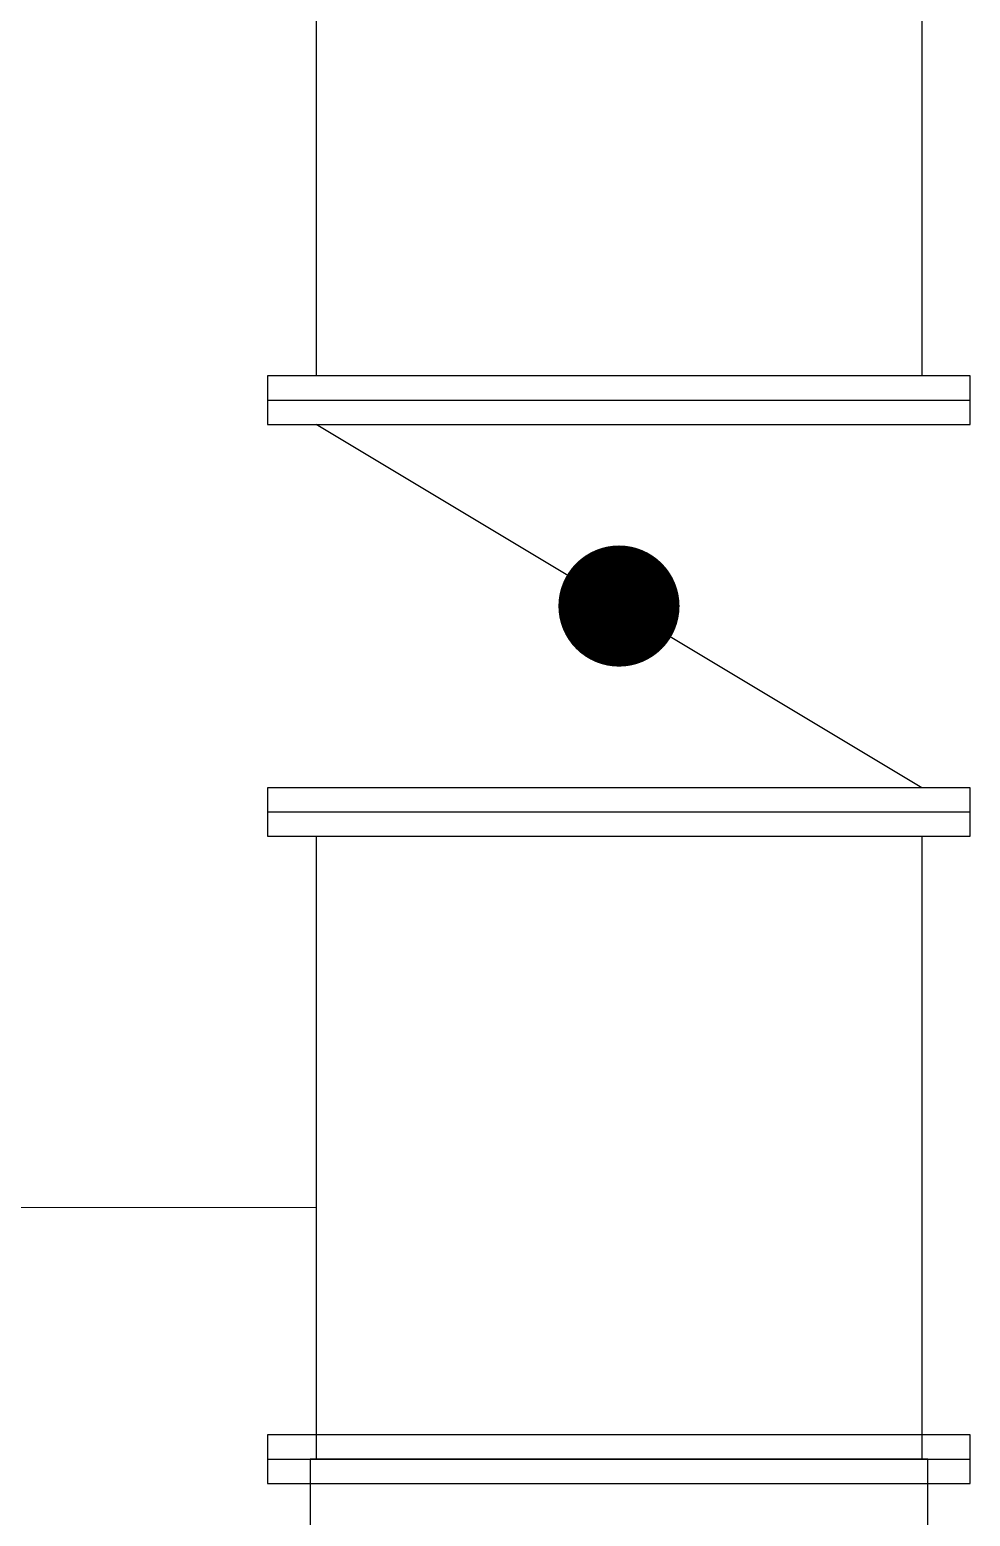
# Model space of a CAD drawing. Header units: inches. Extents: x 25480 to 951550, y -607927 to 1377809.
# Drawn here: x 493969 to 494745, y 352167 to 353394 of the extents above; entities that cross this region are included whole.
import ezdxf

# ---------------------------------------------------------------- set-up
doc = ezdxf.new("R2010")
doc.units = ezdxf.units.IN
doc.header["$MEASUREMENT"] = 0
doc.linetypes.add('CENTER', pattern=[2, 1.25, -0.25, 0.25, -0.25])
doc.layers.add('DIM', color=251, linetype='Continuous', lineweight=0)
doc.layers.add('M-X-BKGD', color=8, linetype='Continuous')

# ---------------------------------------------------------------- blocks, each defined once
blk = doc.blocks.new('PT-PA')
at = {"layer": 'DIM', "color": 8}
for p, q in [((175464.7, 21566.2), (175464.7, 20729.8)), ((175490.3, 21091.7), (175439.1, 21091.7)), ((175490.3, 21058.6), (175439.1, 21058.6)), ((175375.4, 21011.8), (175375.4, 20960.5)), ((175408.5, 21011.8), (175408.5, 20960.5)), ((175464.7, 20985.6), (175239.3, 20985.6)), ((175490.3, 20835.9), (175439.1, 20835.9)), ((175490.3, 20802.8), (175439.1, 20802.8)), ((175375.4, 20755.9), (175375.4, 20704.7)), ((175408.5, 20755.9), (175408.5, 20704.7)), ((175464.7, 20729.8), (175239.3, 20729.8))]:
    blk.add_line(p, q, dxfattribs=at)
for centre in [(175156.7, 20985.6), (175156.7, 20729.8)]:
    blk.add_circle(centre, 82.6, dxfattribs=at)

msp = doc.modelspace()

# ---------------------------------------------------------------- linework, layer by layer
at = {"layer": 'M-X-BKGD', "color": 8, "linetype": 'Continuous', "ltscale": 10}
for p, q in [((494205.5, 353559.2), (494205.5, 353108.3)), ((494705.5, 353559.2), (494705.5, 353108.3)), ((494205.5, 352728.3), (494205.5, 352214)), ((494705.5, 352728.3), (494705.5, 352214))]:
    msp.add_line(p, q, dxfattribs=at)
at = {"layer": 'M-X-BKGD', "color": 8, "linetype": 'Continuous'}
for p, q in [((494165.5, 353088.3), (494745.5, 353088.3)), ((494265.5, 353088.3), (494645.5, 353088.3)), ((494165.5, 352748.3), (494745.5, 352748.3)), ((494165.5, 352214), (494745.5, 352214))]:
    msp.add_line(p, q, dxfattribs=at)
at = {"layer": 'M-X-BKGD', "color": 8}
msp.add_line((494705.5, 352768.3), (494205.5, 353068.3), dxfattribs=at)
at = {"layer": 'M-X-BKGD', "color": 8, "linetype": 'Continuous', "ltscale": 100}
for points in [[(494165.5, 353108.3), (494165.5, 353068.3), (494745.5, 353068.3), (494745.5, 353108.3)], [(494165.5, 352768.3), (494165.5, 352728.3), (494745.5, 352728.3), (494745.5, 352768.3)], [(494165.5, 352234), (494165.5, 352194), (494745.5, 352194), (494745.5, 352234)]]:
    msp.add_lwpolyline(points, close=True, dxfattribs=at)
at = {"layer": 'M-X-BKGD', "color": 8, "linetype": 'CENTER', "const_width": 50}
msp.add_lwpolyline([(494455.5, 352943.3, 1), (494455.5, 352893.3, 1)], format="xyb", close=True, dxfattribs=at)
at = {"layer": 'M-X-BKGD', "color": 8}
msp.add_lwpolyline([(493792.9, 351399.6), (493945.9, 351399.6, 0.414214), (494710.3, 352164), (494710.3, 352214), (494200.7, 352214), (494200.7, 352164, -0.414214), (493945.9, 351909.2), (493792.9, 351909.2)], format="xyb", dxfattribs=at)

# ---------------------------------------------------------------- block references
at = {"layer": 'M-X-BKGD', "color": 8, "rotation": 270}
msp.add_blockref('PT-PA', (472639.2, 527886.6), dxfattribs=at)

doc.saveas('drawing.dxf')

________________

TASK STATEMENT: Each line above with the string "blocks" in it should be located and copied.

FINAL ANSWER:
# ---------------------------------------------------------------- blocks, each defined once
blk = doc.blocks.new('PT-PA')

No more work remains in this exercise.